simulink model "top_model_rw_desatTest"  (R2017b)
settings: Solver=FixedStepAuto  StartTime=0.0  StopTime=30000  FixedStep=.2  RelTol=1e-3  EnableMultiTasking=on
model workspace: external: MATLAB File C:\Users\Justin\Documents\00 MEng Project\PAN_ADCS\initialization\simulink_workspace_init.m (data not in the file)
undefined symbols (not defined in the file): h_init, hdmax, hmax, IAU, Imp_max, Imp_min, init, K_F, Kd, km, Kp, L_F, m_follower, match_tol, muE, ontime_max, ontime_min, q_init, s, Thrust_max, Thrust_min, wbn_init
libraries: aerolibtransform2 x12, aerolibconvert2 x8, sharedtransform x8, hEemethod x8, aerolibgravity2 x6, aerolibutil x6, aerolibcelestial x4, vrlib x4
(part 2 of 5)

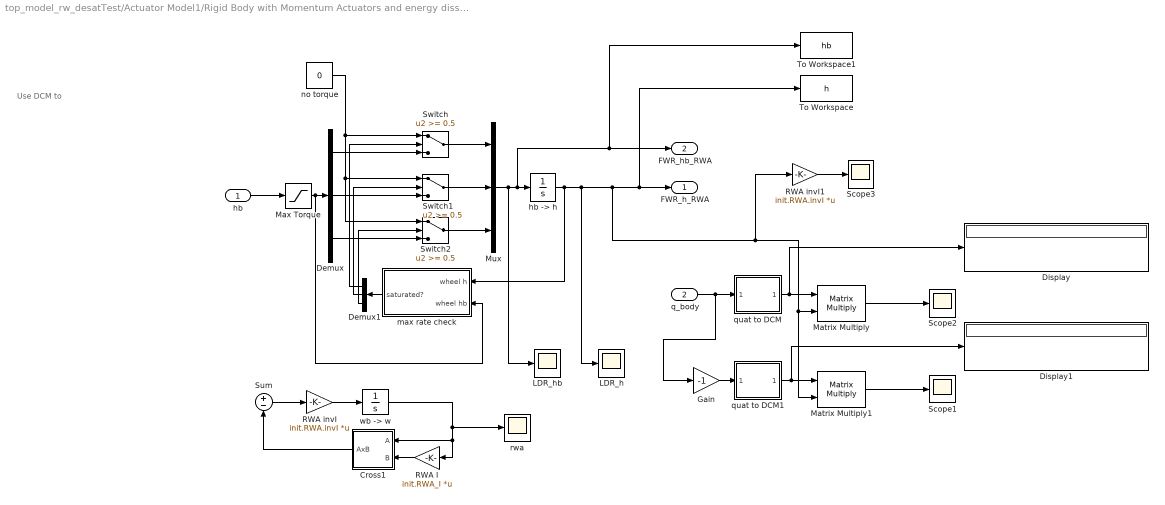
== system top_model_rw_desatTest/Actuator Model1/Rigid Body with Momentum Actuators and energy dissipation ==
  note: Use DCM to
  hb : Inport
  q_body : Inport  Port=2
  Cross1 : Subsystem
  Demux : Demux  Outputs=3
  Demux1 : Demux  Outputs=3
  Display : Display
  Display1 : Display
  Gain : Gain  Gain=-1
  LDR_h : Scope
  LDR_hb : Scope
  Matrix Multiply : Product  Multiplication=Matrix(*)
  Matrix Multiply1 : Product  Multiplication=Matrix(*)
  Max Torque : Saturate  UpperLimit=init.hdmax  LowerLimit=-init.hdmax
  Mux : Mux  Inputs=3
  RWA I : Gain  Gain=init.RWA_I  Multiplication=Matrix(K*u)
  RWA invI : Gain  Gain=init.RWA.invI  Multiplication=Matrix(K*u)
  RWA invI1 : Gain  Gain=init.RWA.invI  Multiplication=Matrix(K*u)
  Scope1 : Scope
  Scope2 : Scope
  Scope3 : Scope
  Sum : Sum  Inputs=+|-
  Switch : Switch  Threshold=0.5  SaturateOnIntegerOverflow=on  InputSameDT=on
  Switch1 : Switch  Threshold=0.5  SaturateOnIntegerOverflow=on  InputSameDT=on
  Switch2 : Switch  Threshold=0.5  SaturateOnIntegerOverflow=on  InputSameDT=on
  To Workspace : ToWorkspace  VariableName=h  SaveFormat=Timeseries  SampleTime=-1
  To Workspace1 : ToWorkspace  VariableName=hb  SaveFormat=Timeseries  SampleTime=-1
  "hb -> h" : Integrator  InitialCondition=init.FWR.h
  max rate check : Subsystem
  no torque : Constant  Value=0
  quat to DCM : Subsystem  mask(Direction Cosine Matrix){}
      mask help: Determines the 3x3 Direction Cosine Matrix (DCM) from a 4x1 quaternion orientation vector. The outputted DCM transforms vectors from inertial axes to body axes. This version corrects the fucked-up MATLAB one.
      mask Help:
      | <p>This block determines the 3x3 Direction Cosine Matrix (DCM) from a 4x1 quaternion orientation vector. The outputted DCM transforms vectors from inertial axes to body axes.  This version corrects the fucked-up MATLAB one</p>
      | 
      | <p>The block input and output contain more than one signal as described below.</p>
      | 
      | <p><H4>Block Vector Input - Quaternion</H4>
      | <ul>
      | <li>q0</li>
      | <li>q1</li>
      | <li>q2</li>
      | <li>q3</li>
      | </ul>
      | </p>
      | 
      | <p><H4>Block Matrix Output - Direction Cosine Matrix  </H4>
      |     <ul>
      |    </ul>
      |    </p>
      mask Display: disp('q to Q')
  quat to DCM1 : Subsystem  mask(Direction Cosine Matrix){}
      mask help: Determines the 3x3 Direction Cosine Matrix (DCM) from a 4x1 quaternion orientation vector. The outputted DCM transforms vectors from inertial axes to body axes. This version corrects the fucked-up MATLAB one.
      mask Help:
      | <p>This block determines the 3x3 Direction Cosine Matrix (DCM) from a 4x1 quaternion orientation vector. The outputted DCM transforms vectors from inertial axes to body axes.  This version corrects the fucked-up MATLAB one</p>
      | 
      | <p>The block input and output contain more than one signal as described below.</p>
      | 
      | <p><H4>Block Vector Input - Quaternion</H4>
      | <ul>
      | <li>q0</li>
      | <li>q1</li>
      | <li>q2</li>
      | <li>q3</li>
      | </ul>
      | </p>
      | 
      | <p><H4>Block Matrix Output - Direction Cosine Matrix  </H4>
      |     <ul>
      |    </ul>
      |    </p>
      mask Display: disp('q to Q')
  rwa : Scope
  "wb -> w" : Integrator  InitialCondition=[0;0;0]
  FWR_h_RWA : Outport
  FWR_hb_RWA : Outport  Port=2
  wires:
  hb/1 -> Max Torque/1
  Mux/1 -> To Workspace1/1, FWR_hb_RWA/1, "hb -> h"/1, LDR_hb/1
  Max Torque/1 -> Demux/1, max rate check/2(wheel hb)
  max rate check/1(saturated?) -> Demux1/1
  Demux1/1 -> Switch/2
  Demux1/2 -> Switch1/2
  Demux1/3 -> Switch2/2
  no torque/1 -> Switch/1, Switch1/1, Switch2/1
  Demux/1 -> Switch/3
  Demux/2 -> Switch1/3
  Demux/3 -> Switch2/3
  Switch/1 -> Mux/1
  Switch1/1 -> Mux/2
  Switch2/1 -> Mux/3
  q_body/1 -> Gain/1, quat to DCM/1(e0 e1 e2 e3)
  quat to DCM/1(DCM) -> Display/1, Matrix Multiply/1
  Matrix Multiply/1 -> Scope2/1
  Matrix Multiply1/1 -> Scope1/1
  quat to DCM1/1(DCM) -> Display1/1, Matrix Multiply1/1
  "hb -> h"/1 -> max rate check/1(wheel h), RWA invI1/1, Matrix Multiply1/2, Matrix Multiply/2, To Workspace/1, FWR_h_RWA/1, LDR_h/1
  Gain/1 -> quat to DCM1/1(e0 e1 e2 e3)
  RWA I/1 -> Cross1/2(B)
  "wb -> w"/1 -> rwa/1, Cross1/1(A), RWA I/1
  Cross1/1(AxB) -> Sum/2
  Sum/1 -> RWA invI/1
  RWA invI/1 -> "wb -> w"/1
  RWA invI1/1 -> Scope3/1
  ? -> Sum/1

== system top_model_rw_desatTest/Actuator Model1/torque_mt ==
  A : Inport
  B : Inport  Port=2
  Mux4 : Mux  Inputs=3
  Product{,1..5} (6 alike) : Product  SaturateOnIntegerOverflow=on  InputSameDT=on  OutDataTypeStr=Inherit: Same as first input
  Sum : Sum  Inputs=+-  SaturateOnIntegerOverflow=on  InputSameDT=on  OutDataTypeStr=Inherit: Same as first input
  Sum1 : Sum  Inputs=+-  SaturateOnIntegerOverflow=on  InputSameDT=on  OutDataTypeStr=Inherit: Same as first input
  Sum2 : Sum  Inputs=+-  SaturateOnIntegerOverflow=on  InputSameDT=on  OutDataTypeStr=Inherit: Same as first input
  demux2 : Demux  Outputs=3
  demux3 : Demux  Outputs=3
  AxB : Outport  InitialOutput=0
  wires:
  Mux4/1 -> AxB/1
  Sum2/1 -> Mux4/3
  Sum1/1 -> Mux4/2
  Sum/1 -> Mux4/1
  Product5/1 -> Sum2/2
  Product4/1 -> Sum2/1
  Product3/1 -> Sum1/2
  Product2/1 -> Sum1/1
  Product1/1 -> Sum/2
  Product/1 -> Sum/1
  demux3/1 -> Product5/2, Product2/2
  demux2/2 -> Product5/1, Product/1
  demux3/2 -> Product4/2, Product1/2
  demux2/1 -> Product4/1, Product3/1
  demux3/3 -> Product3/2, Product/2
  demux2/3 -> Product2/1, Product1/1
  B/1 -> demux3/1
  A/1 -> demux2/1

== system top_model_rw_desatTest/Attitude Determination and Desired Attitude/Attitude Determination ==
  time_elapsed : Inport
  r_cs_sensor_eci : Inport  Port=2
  r_Sun2cs_sensor_body : Inport  Port=3
  r_MagField_sensor_body : Inport  Port=4
  Generate reference vectors from Ephemeris and Magnetic Field Model : Subsystem
  Subsystem : Subsystem
  quat_body_calc : Outport
  wires:
  r_cs_sensor_eci/1 -> Generate reference vectors from Ephemeris and Magnetic Field Model/2(r_cs_sensor_eci)
  time_elapsed/1 -> Generate reference vectors from Ephemeris and Magnetic Field Model/1(time_elapsed)
  r_Sun2cs_sensor_body/1 -> Subsystem/3(r_Sun2cs_sensor_body)
  r_MagField_sensor_body/1 -> Subsystem/4(r_MagField_sensor_body)
  Generate reference vectors from Ephemeris and Magnetic Field Model/1(r_Sun2cs_ref_eci) -> Subsystem/1(r_Sun2cs_ref_eci)
  Generate reference vectors from Ephemeris and Magnetic Field Model/2(r_MagField_ref_eci) -> Subsystem/2(r_MagField_ref_eci)
  Subsystem/1(quat_body_calc) -> quat_body_calc/1

== system top_model_rw_desatTest/Attitude Determination and Desired Attitude/Cross3 ==
  A : Inport
  B : Inport  Port=2
  Mux4 : Mux  Inputs=3
  Product{,1..5} (6 alike) : Product  SaturateOnIntegerOverflow=on  InputSameDT=on  OutDataTypeStr=Inherit: Same as first input
  Sum : Sum  Inputs=+-  SaturateOnIntegerOverflow=on  InputSameDT=on  OutDataTypeStr=Inherit: Same as first input
  Sum1 : Sum  Inputs=+-  SaturateOnIntegerOverflow=on  InputSameDT=on  OutDataTypeStr=Inherit: Same as first input
  Sum2 : Sum  Inputs=+-  SaturateOnIntegerOverflow=on  InputSameDT=on  OutDataTypeStr=Inherit: Same as first input
  demux2 : Demux  Outputs=3
  demux3 : Demux  Outputs=3
  AxB : Outport  InitialOutput=0
  wires:
  A/1 -> demux2/1
  B/1 -> demux3/1
  demux2/3 -> Product1/1, Product2/1
  demux3/3 -> Product/2, Product3/2
  demux2/1 -> Product3/1, Product4/1
  demux3/2 -> Product1/2, Product4/2
  demux2/2 -> Product/1, Product5/1
  demux3/1 -> Product2/2, Product5/2
  Product/1 -> Sum/1
  Product1/1 -> Sum/2
  Product2/1 -> Sum1/1
  Product3/1 -> Sum1/2
  Product4/1 -> Sum2/1
  Product5/1 -> Sum2/2
  Sum/1 -> Mux4/1
  Sum1/1 -> Mux4/2
  Sum2/1 -> Mux4/3
  Mux4/1 -> AxB/1

== system top_model_rw_desatTest/Attitude Determination and Desired Attitude/ECEF2ECI ==
  ecef : Inport
  sec : Inport  Port=2
  Direction Cosine Matrix ECI to ECEF : aerolibtransform2/Direction Cosine Matrix ECI to ECEF  red=IAU-2000/2006  year=init.year  month=October  day=20  hour=init.hour  min=init.min  sec=init.sec  deltaT=Sec  errorflag=Error  extraparamflag=off
      settings: AttributesFormatString=%<red>  SourceProductName=Aerospace Blockset  SourceProductBaseCode=AE
  Invert 3x3 Matrix : aerolibutil/Invert  3x3 Matrix
  Product1 : Product  Multiplication=Matrix(*)
  eci : Outport
  wires:
  Direction Cosine Matrix ECI to ECEF/1 -> Invert 3x3 Matrix/1
  Product1/1 -> eci/1
  sec/1 -> Direction Cosine Matrix ECI to ECEF/1
  Invert 3x3 Matrix/1 -> Product1/1
  ecef/1 -> Product1/2

== system top_model_rw_desatTest/Attitude Determination and Desired Attitude/ECEF2ECI1 ==
  ecef : Inport
  sec : Inport  Port=2
  Direction Cosine Matrix ECI to ECEF : aerolibtransform2/Direction Cosine Matrix ECI to ECEF  red=IAU-2000/2006  year=init.year  month=October  day=20  hour=init.hour  min=init.min  sec=init.sec  deltaT=Sec  errorflag=Error  extraparamflag=off
      settings: AttributesFormatString=%<red>  SourceProductName=Aerospace Blockset  SourceProductBaseCode=AE
  Invert 3x3 Matrix : aerolibutil/Invert  3x3 Matrix
  Product1 : Product  Multiplication=Matrix(*)
  eci : Outport
  wires:
  Direction Cosine Matrix ECI to ECEF/1 -> Invert 3x3 Matrix/1
  Product1/1 -> eci/1
  sec/1 -> Direction Cosine Matrix ECI to ECEF/1
  ecef/1 -> Product1/2
  Invert 3x3 Matrix/1 -> Product1/1

== system top_model_rw_desatTest/Attitude Determination and Desired Attitude/Position and Velocity to Desired Attitude in Quat ==
  r_cs_sensor_eci : Inport
  v_cs_sensor_eci : Inport  Port=2
  CreateDCM_be : Subsystem
  Display : Display
  Display1 : Display
  MATLAB Function : MATLAB Function  TreatAsAtomicUnit=on
  Memory : Memory
  Product : Product  Multiplication=Matrix(*)
  dcm2quat : MATLAB Function  TreatAsAtomicUnit=on
  quat to DCM : Subsystem  mask(Direction Cosine Matrix){}
      mask help: Determines the 3x3 Direction Cosine Matrix (DCM) from a 4x1 quaternion orientation vector. The outputted DCM transforms vectors from inertial axes to body axes. This version corrects the fucked-up MATLAB one.
      mask Help:
      | <p>This block determines the 3x3 Direction Cosine Matrix (DCM) from a 4x1 quaternion orientation vector. The outputted DCM transforms vectors from inertial axes to body axes.  This version corrects the fucked-up MATLAB one</p>
      | 
      | <p>The block input and output contain more than one signal as described below.</p>
      | 
      | <p><H4>Block Vector Input - Quaternion</H4>
      | <ul>
      | <li>q0</li>
      | <li>q1</li>
      | <li>q2</li>
      | <li>q3</li>
      | </ul>
      | </p>
      | 
      | <p><H4>Block Matrix Output - Direction Cosine Matrix  </H4>
      |     <ul>
      |    </ul>
      |    </p>
      mask Display: disp('q to Q')
  q_des : Outport
  wires:
  r_cs_sensor_eci/1 -> CreateDCM_be/1(Position)
  v_cs_sensor_eci/1 -> CreateDCM_be/2(Velocity)
  dcm2quat/1(q) -> Memory/1
  CreateDCM_be/1(DCM_be) -> dcm2quat/1(DCM_be), MATLAB Function/1(DCM_be), Product/2, Display/1
  Memory/1 -> dcm2quat/2(q_prev)
  Product/1 -> Display1/1
  quat to DCM/1(DCM) -> Product/1
  MATLAB Function/1(q) -> q_des/1

== system top_model_rw_desatTest/Attitude Determination and Desired Attitude/norm ==
  v : Inport
  Dot Product : DotProduct  InputSameDT=on  OutDataTypeStr=Inherit: Inherit via internal rule
  Math Function : Math  Operator=sqrt  SaturateOnIntegerOverflow=on
  |v| : Outport
  wires:
  Math Function/1 -> |v|/1
  Dot Product/1 -> Math Function/1
  v/1 -> Dot Product/2, Dot Product/1

== system top_model_rw_desatTest/Attitude Determination and Desired Attitude/norm1 ==
  v : Inport
  Dot Product : DotProduct  InputSameDT=on  OutDataTypeStr=Inherit: Inherit via internal rule
  Math Function : Math  Operator=sqrt  SaturateOnIntegerOverflow=on
  |v| : Outport
  wires:
  v/1 -> Dot Product/1, Dot Product/2
  Dot Product/1 -> Math Function/1
  Math Function/1 -> |v|/1

== system top_model_rw_desatTest/Attitude Determination and Desired Attitude/normalize ==
  v : Inport
  Dot Product : DotProduct  InputSameDT=on  OutDataTypeStr=Inherit: Inherit via internal rule
  Math Function : Math  Operator=sqrt  SaturateOnIntegerOverflow=on
  Product : Product  Inputs=*/  SaturateOnIntegerOverflow=on  InputSameDT=on  OutDataTypeStr=Inherit: Same as first input
  v_hat : Outport
  wires:
  v/1 -> Dot Product/1, Dot Product/2, Product/1
  Dot Product/1 -> Math Function/1
  Math Function/1 -> Product/2
  Product/1 -> v_hat/1

== system top_model_rw_desatTest/Attitude Determination and Desired Attitude1/Attitude Determination ==
  time_elapsed : Inport
  r_cs_sensor_eci : Inport  Port=2
  r_Sun2cs_sensor_body : Inport  Port=3
  r_MagField_sensor_body : Inport  Port=4
  Generate reference vectors from Ephemeris and Magnetic Field Model : Subsystem
  Subsystem : Subsystem
  quat_body_calc : Outport
  wires:
  r_cs_sensor_eci/1 -> Generate reference vectors from Ephemeris and Magnetic Field Model/2(r_cs_sensor_eci)
  time_elapsed/1 -> Generate reference vectors from Ephemeris and Magnetic Field Model/1(time_elapsed)
  r_Sun2cs_sensor_body/1 -> Subsystem/3(r_Sun2cs_sensor_body)
  r_MagField_sensor_body/1 -> Subsystem/4(r_MagField_sensor_body)
  Generate reference vectors from Ephemeris and Magnetic Field Model/1(r_Sun2cs_ref_eci) -> Subsystem/1(r_Sun2cs_ref_eci)
  Generate reference vectors from Ephemeris and Magnetic Field Model/2(r_MagField_ref_eci) -> Subsystem/2(r_MagField_ref_eci)
  Subsystem/1(quat_body_calc) -> quat_body_calc/1

== system top_model_rw_desatTest/Attitude Determination and Desired Attitude1/Cross3 ==
  A : Inport
  B : Inport  Port=2
  Mux4 : Mux  Inputs=3
  Product{,1..5} (6 alike) : Product  SaturateOnIntegerOverflow=on  InputSameDT=on  OutDataTypeStr=Inherit: Same as first input
  Sum : Sum  Inputs=+-  SaturateOnIntegerOverflow=on  InputSameDT=on  OutDataTypeStr=Inherit: Same as first input
  Sum1 : Sum  Inputs=+-  SaturateOnIntegerOverflow=on  InputSameDT=on  OutDataTypeStr=Inherit: Same as first input
  Sum2 : Sum  Inputs=+-  SaturateOnIntegerOverflow=on  InputSameDT=on  OutDataTypeStr=Inherit: Same as first input
  demux2 : Demux  Outputs=3
  demux3 : Demux  Outputs=3
  AxB : Outport  InitialOutput=0
  wires:
  A/1 -> demux2/1
  B/1 -> demux3/1
  demux2/3 -> Product1/1, Product2/1
  demux3/3 -> Product/2, Product3/2
  demux2/1 -> Product3/1, Product4/1
  demux3/2 -> Product1/2, Product4/2
  demux2/2 -> Product/1, Product5/1
  demux3/1 -> Product2/2, Product5/2
  Product/1 -> Sum/1
  Product1/1 -> Sum/2
  Product2/1 -> Sum1/1
  Product3/1 -> Sum1/2
  Product4/1 -> Sum2/1
  Product5/1 -> Sum2/2
  Sum/1 -> Mux4/1
  Sum1/1 -> Mux4/2
  Sum2/1 -> Mux4/3
  Mux4/1 -> AxB/1

== system top_model_rw_desatTest/Attitude Determination and Desired Attitude1/ECEF2ECI ==
  ecef : Inport
  sec : Inport  Port=2
  Direction Cosine Matrix ECI to ECEF : aerolibtransform2/Direction Cosine Matrix ECI to ECEF  red=IAU-2000/2006  year=init.year  month=October  day=20  hour=init.hour  min=init.min  sec=init.sec  deltaT=Sec  errorflag=Error  extraparamflag=off
      settings: AttributesFormatString=%<red>  SourceProductName=Aerospace Blockset  SourceProductBaseCode=AE
  Invert 3x3 Matrix : aerolibutil/Invert  3x3 Matrix
  Product1 : Product  Multiplication=Matrix(*)
  eci : Outport
  wires:
  Direction Cosine Matrix ECI to ECEF/1 -> Invert 3x3 Matrix/1
  Product1/1 -> eci/1
  sec/1 -> Direction Cosine Matrix ECI to ECEF/1
  Invert 3x3 Matrix/1 -> Product1/1
  ecef/1 -> Product1/2

== system top_model_rw_desatTest/Attitude Determination and Desired Attitude1/ECEF2ECI1 ==
  ecef : Inport
  sec : Inport  Port=2
  Direction Cosine Matrix ECI to ECEF : aerolibtransform2/Direction Cosine Matrix ECI to ECEF  red=IAU-2000/2006  year=init.year  month=October  day=20  hour=init.hour  min=init.min  sec=init.sec  deltaT=Sec  errorflag=Error  extraparamflag=off
      settings: AttributesFormatString=%<red>  SourceProductName=Aerospace Blockset  SourceProductBaseCode=AE
  Invert 3x3 Matrix : aerolibutil/Invert  3x3 Matrix
  Product1 : Product  Multiplication=Matrix(*)
  eci : Outport
  wires:
  Direction Cosine Matrix ECI to ECEF/1 -> Invert 3x3 Matrix/1
  Product1/1 -> eci/1
  sec/1 -> Direction Cosine Matrix ECI to ECEF/1
  ecef/1 -> Product1/2
  Invert 3x3 Matrix/1 -> Product1/1

== system top_model_rw_desatTest/Attitude Determination and Desired Attitude1/Position and Velocity to Desired Attitude in Quat ==
  r_cs_sensor_eci : Inport
  v_cs_sensor_eci : Inport  Port=2
  CreateDCM_be : Subsystem
  Display : Display
  Display1 : Display
  MATLAB Function : MATLAB Function  TreatAsAtomicUnit=on
  Memory : Memory
  Product : Product  Multiplication=Matrix(*)
  To Workspace1 : ToWorkspace  VariableName=tr  SampleTime=-1
  To Workspace2 : ToWorkspace  VariableName=q  SampleTime=-1
  To Workspace3 : ToWorkspace  VariableName=flag  SampleTime=-1
  dcm2quat : MATLAB Function  TreatAsAtomicUnit=on
  quat to DCM : Subsystem  mask(Direction Cosine Matrix){}
      mask help: Determines the 3x3 Direction Cosine Matrix (DCM) from a 4x1 quaternion orientation vector. The outputted DCM transforms vectors from inertial axes to body axes. This version corrects the fucked-up MATLAB one.
      mask Help:
      | <p>This block determines the 3x3 Direction Cosine Matrix (DCM) from a 4x1 quaternion orientation vector. The outputted DCM transforms vectors from inertial axes to body axes.  This version corrects the fucked-up MATLAB one</p>
      | 
      | <p>The block input and output contain more than one signal as described below.</p>
      | 
      | <p><H4>Block Vector Input - Quaternion</H4>
      | <ul>
      | <li>q0</li>
      | <li>q1</li>
      | <li>q2</li>
      | <li>q3</li>
      | </ul>
      | </p>
      | 
      | <p><H4>Block Matrix Output - Direction Cosine Matrix  </H4>
      |     <ul>
      |    </ul>
      |    </p>
      mask Display: disp('q to Q')
  q_des : Outport
  wires:
  r_cs_sensor_eci/1 -> CreateDCM_be/1(Position)
  v_cs_sensor_eci/1 -> CreateDCM_be/2(Velocity)
  dcm2quat/1(q) -> Memory/1, To Workspace2/1
  CreateDCM_be/1(DCM_be) -> dcm2quat/1(DCM_be), MATLAB Function/1(DCM_be), Product/2, Display/1
  dcm2quat/2(tr) -> To Workspace1/1
  dcm2quat/3(flag) -> To Workspace3/1
  Memory/1 -> dcm2quat/2(q_prev)
  Product/1 -> Display1/1
  quat to DCM/1(DCM) -> Product/1
  MATLAB Function/1(q) -> q_des/1

== system top_model_rw_desatTest/Attitude Determination and Desired Attitude1/norm ==
  v : Inport
  Dot Product : DotProduct  InputSameDT=on  OutDataTypeStr=Inherit: Inherit via internal rule
  Math Function : Math  Operator=sqrt  SaturateOnIntegerOverflow=on
  |v| : Outport
  wires:
  Math Function/1 -> |v|/1
  Dot Product/1 -> Math Function/1
  v/1 -> Dot Product/2, Dot Product/1

== system top_model_rw_desatTest/Attitude Determination and Desired Attitude1/norm1 ==
  v : Inport
  Dot Product : DotProduct  InputSameDT=on  OutDataTypeStr=Inherit: Inherit via internal rule
  Math Function : Math  Operator=sqrt  SaturateOnIntegerOverflow=on
  |v| : Outport
  wires:
  v/1 -> Dot Product/1, Dot Product/2
  Dot Product/1 -> Math Function/1
  Math Function/1 -> |v|/1

== system top_model_rw_desatTest/Attitude Determination and Desired Attitude1/normalize ==
  v : Inport
  Dot Product : DotProduct  InputSameDT=on  OutDataTypeStr=Inherit: Inherit via internal rule
  Math Function : Math  Operator=sqrt  SaturateOnIntegerOverflow=on
  Product : Product  Inputs=*/  SaturateOnIntegerOverflow=on  InputSameDT=on  OutDataTypeStr=Inherit: Same as first input
  v_hat : Outport
  wires:
  v/1 -> Dot Product/1, Dot Product/2, Product/1
  Dot Product/1 -> Math Function/1
  Math Function/1 -> Product/2
  Product/1 -> v_hat/1

== system top_model_rw_desatTest/Controller/Free Rigid Body with Momentum Actuators2 ==
  q_ref : Inport
  w_ref : Inport  Port=2
  "torque_pert " : Inport  Port=3
  Cross : Subsystem
  Demux1 : Demux
  Derivative Gain : Gain  Gain=Kd  SaturateOnIntegerOverflow=on  OutDataTypeStr=Inherit: Same as input  ParamDataTypeStr=Inherit: Same as input
  Inertia : Gain  Gain=init.I  Multiplication=Matrix(K*u)  SaturateOnIntegerOverflow=on  OutDataTypeStr=Inherit: Same as input  ParamDataTypeStr=Inherit: Same as input
  Isc inverse : Gain  Gain=init.invI  Multiplication=Matrix(K*u)  SaturateOnIntegerOverflow=on  OutDataTypeStr=Inherit: Same as input  ParamDataTypeStr=Inherit: Same as input
  Proportional Gain : Gain  Gain=Kp  SaturateOnIntegerOverflow=on  OutDataTypeStr=Inherit: Same as input  ParamDataTypeStr=Inherit: Same as input
  Quaternion Integration : Subsystem
  RWA Saturation Model (Maxon EC 32 Flat 15W 24V) : Subsystem
  Selector q(1:3) only1 : Selector  InputPortWidth=4  IndexOptions=Index vector (dialog)  Indices=[1 2 3]  OutputSizes=1
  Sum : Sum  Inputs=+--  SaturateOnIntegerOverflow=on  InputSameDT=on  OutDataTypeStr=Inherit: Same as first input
◆ ◆ ◆ ◆ ◆
**TASK OBJECTIVE**. Lines above that have "Velocity": copy each of them.

**ANSWER FOR THIS EXERCISE**.
== system top_model_rw_desatTest/Attitude Determination and Desired Attitude/Position and Velocity to Desired Attitude in Quat ==
  v_cs_sensor_eci/1 -> CreateDCM_be/2(Velocity)
== system top_model_rw_desatTest/Attitude Determination and Desired Attitude1/Position and Velocity to Desired Attitude in Quat ==
  v_cs_sensor_eci/1 -> CreateDCM_be/2(Velocity)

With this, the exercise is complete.